# Kicker Comp Wiring Problem in 97 Tracer



## Stemp (Jan 28, 2010)

Before this car, I have never personally wired a system. I've seen it be done, but didn't pay much attention. Well now it's my car, and i'm having issues. I couldn't begin to say whether or not I think the system is wired correctly, although I can take some pictures and repost them on here later. I have a 97 Mercury Tracer with the ford stock radio, hooked up to a 300w Cerwin Vega amp, pushing two Kicker Comp 12"s. What begins to happen is, I start my car, and begin to turn the radio up.
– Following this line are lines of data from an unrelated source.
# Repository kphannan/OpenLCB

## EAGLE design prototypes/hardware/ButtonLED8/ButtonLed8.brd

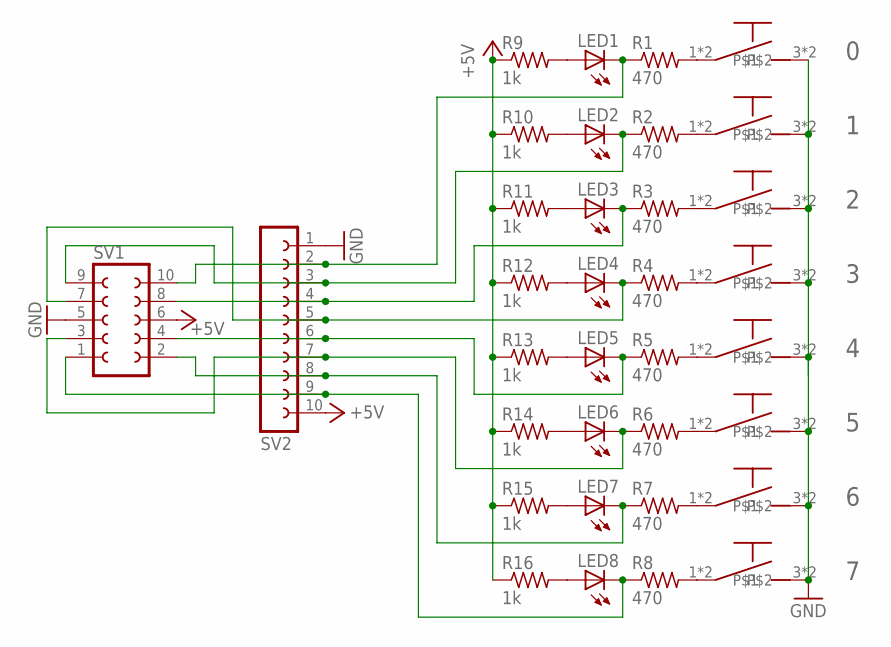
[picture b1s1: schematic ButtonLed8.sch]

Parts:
LED1, LED2, LED3, LED4, LED5, LED6, LED7, LED8: LED3MM
R1, R2, R3, R4, R5, R6, R7, R8: 470; 0204/7
R9, R10, R11, R12, R13, R14, R15, R16: 1k; 0204/7
SV1: FE05-2
SV2: FE10-1; FE10
U$1, U$2, U$3, U$4, U$5, U$6, U$7, U$8: BUTTON; SPARKFUN_TACTILE-PTH

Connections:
+5V: R9.1, R10.1, R11.1, R12.1, R13.1, R14.1, R15.1, R16.1, SV1.6, SV2.10
GND: SV1.5, SV2.1, U$1.3, U$1.4, U$2.3, U$2.4, U$3.3, U$3.4, U$4.3, U$4.4, U$5.3, U$5.4, U$6.3, U$6.4, U$7.3, U$7.4, U$8.3, U$8.4
unnamed: R1.2, U$1.1, U$1.2
unnamed: R2.2, U$2.1, U$2.2
unnamed: R4.2, U$4.1, U$4.2
unnamed: R5.2, U$5.1, U$5.2
unnamed: R6.2, U$6.1, U$6.2
unnamed: R7.2, U$7.1, U$7.2
unnamed: R8.2, U$8.1, U$8.2
unnamed: LED1.K (C), R1.1, SV1.10, SV2.2
unnamed: LED3.K (C), R3.1, SV1.8, SV2.4
unnamed: LED4.K (C), R4.1, SV1.7, SV2.5
unnamed: LED5.K (C), R5.1, SV1.4, SV2.6
unnamed: LED6.K (C), R6.1, SV1.3, SV2.7
unnamed: LED7.K (C), R7.1, SV1.2, SV2.8
unnamed: LED8.K (C), R8.1, SV1.1, SV2.9
unnamed: R3.2, U$3.1, U$3.2
unnamed: LED1.A, R9.2
unnamed: LED2.A, R10.2
unnamed: LED3.A, R11.2
unnamed: LED4.A, R12.2
unnamed: LED5.A, R13.2
unnamed: LED6.A, R14.2
unnamed: LED7.A, R15.2
unnamed: LED8.A, R16.2
unnamed: LED2.K (C), R2.1, SV1.9, SV2.3

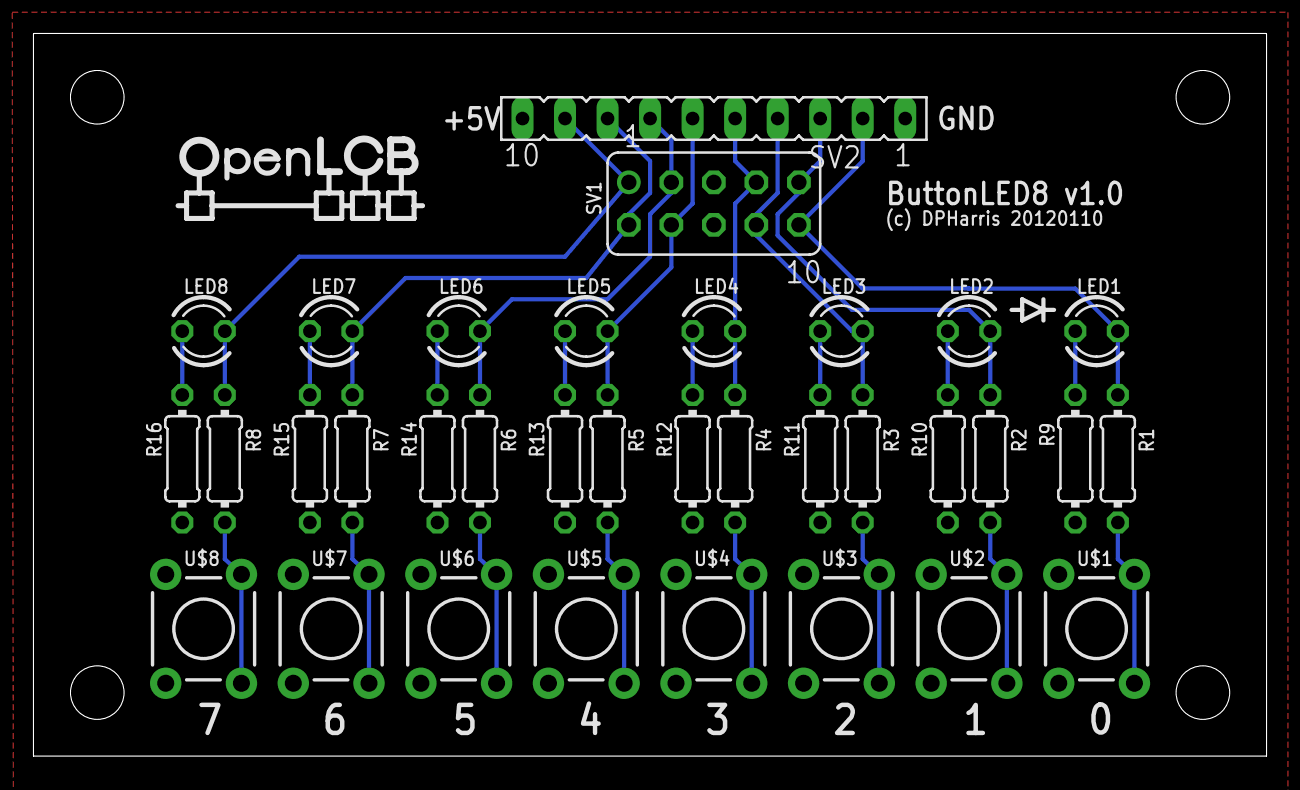
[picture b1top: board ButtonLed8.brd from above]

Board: 2 copper layers, 73.7 x 43.2 mm, 35 parts (0 on the bottom side), 26 nets.

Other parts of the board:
U$9: OPENLCB_LOGOV

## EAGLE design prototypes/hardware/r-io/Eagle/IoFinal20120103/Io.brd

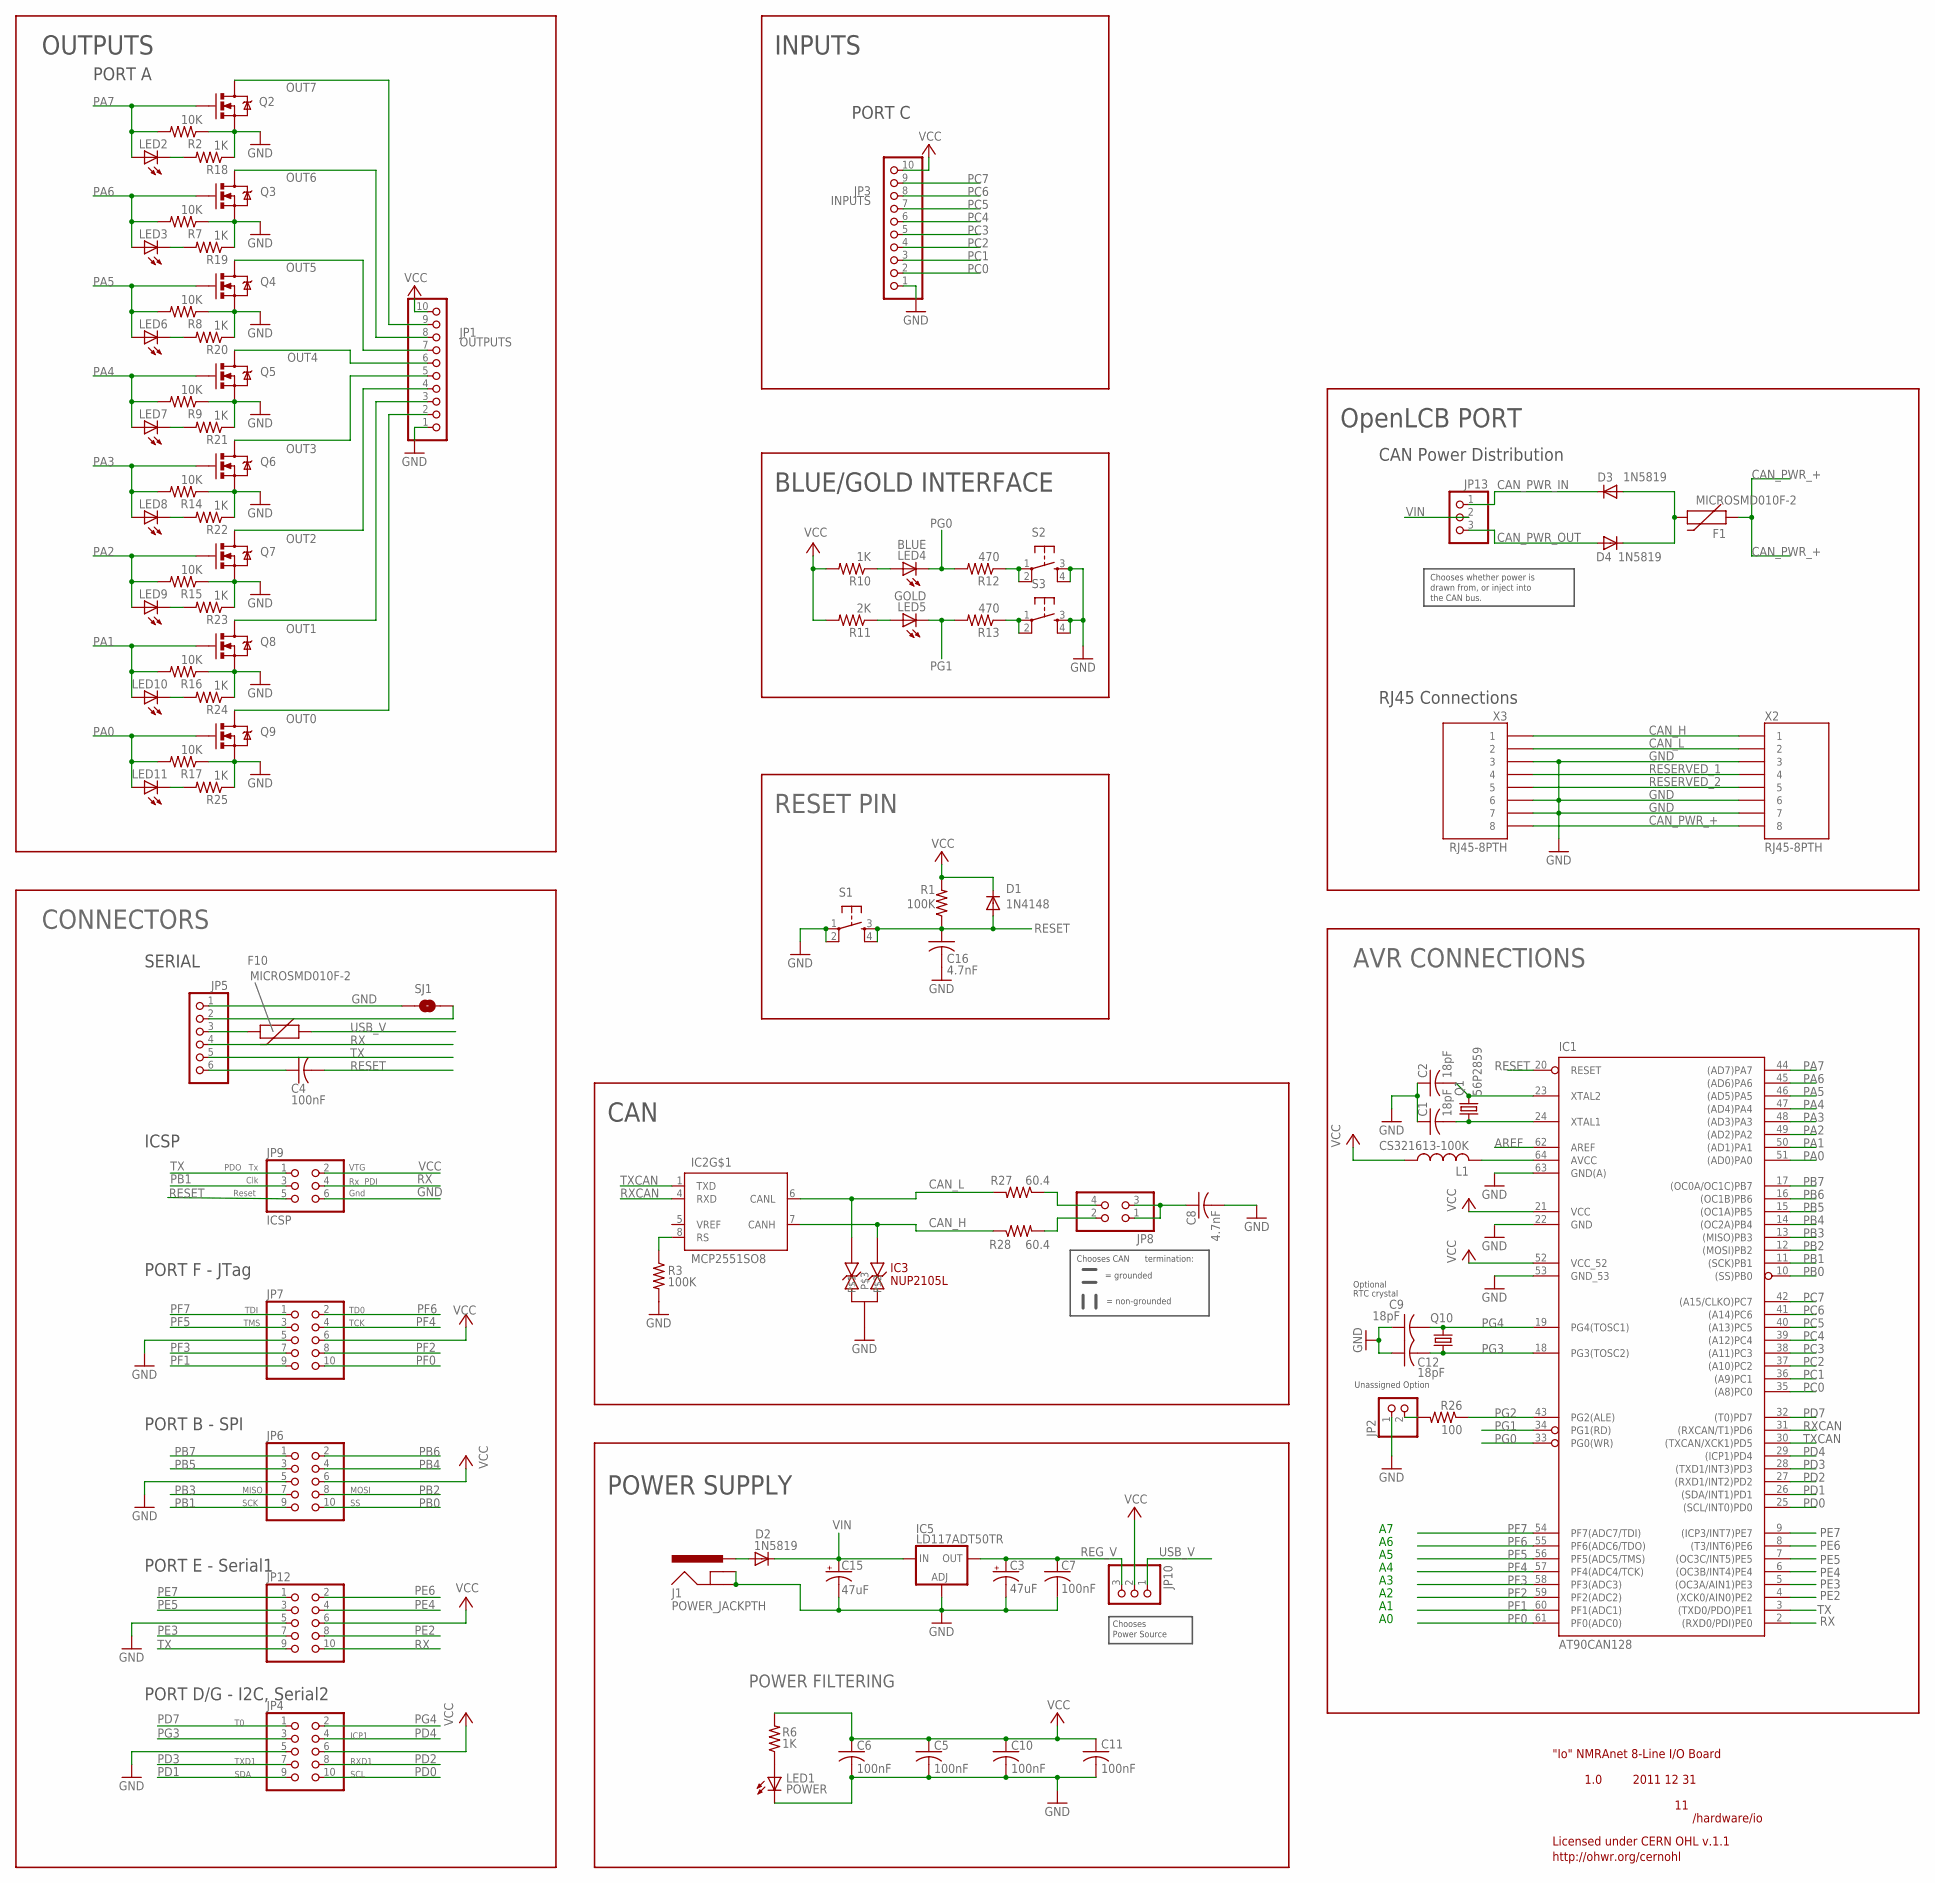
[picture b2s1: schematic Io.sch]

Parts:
C1, C2, C9, C12: 18pF; C1206
C3, C15: 47uF; UD-6,3X5,8_NICHICON
C4, C5, C6, C7, C10, C11: 100nF; C1206
C8, C16: 4.7nF; C1206
D1: 1N4148; SOD123
D2, D3, D4: 1N5819; SMA-DIODE
F1, F10: MICROSMD010F-2; PTC-1206
IC1: AT90CAN128; TQFP64
IC2: MCP2551SO8; SO08
IC3: NUP2105L; SOT-23
IC5: LD117ADT50TR; DPACK
J1: POWER_JACKPTH; POWER_JACK_PTH
JP1: OUTPUTS; 1X10
JP2: PINHD-1X2; 1X02
JP3: INPUTS; 1X10
JP4, JP6, JP7, JP12: 2X5_HEADERSHROUDED; 2X5_SHROUD
JP5: PINHD-1X6; 1X06
JP8: PINHD-2X2; 2X02
JP9: ICSP; 2X03
JP10, JP13: PINHD-1X3; 1X03
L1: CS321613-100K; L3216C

I can then turn the radio down, and simultaneously the subs will stay pounding at the same db as before I turned the knob down (as if turning the volume down does nothing to the subs). The subs will then start pounding ridiculously, to the point where I have to turn the ignition off and disconnect my remote-starting wire. There was times before, that I actually turned my car off first, then the subs started pounding out of control. I have asked a few people, and all i've come up with, is something is touching something that is still live. Ive double-checked all my connections and nothing is touching. Please, some advice? :smile:


----------



## lcurle (Oct 5, 2008)

check your remote wire...sounds like it is getting a pulsing from an electrical source. Also you might want to check your LIne Level Converter and make sure all the connections are correct or it will fade in and out.


----------



## Stemp (Jan 28, 2010)

Thanks, i'll give it a shot.


----------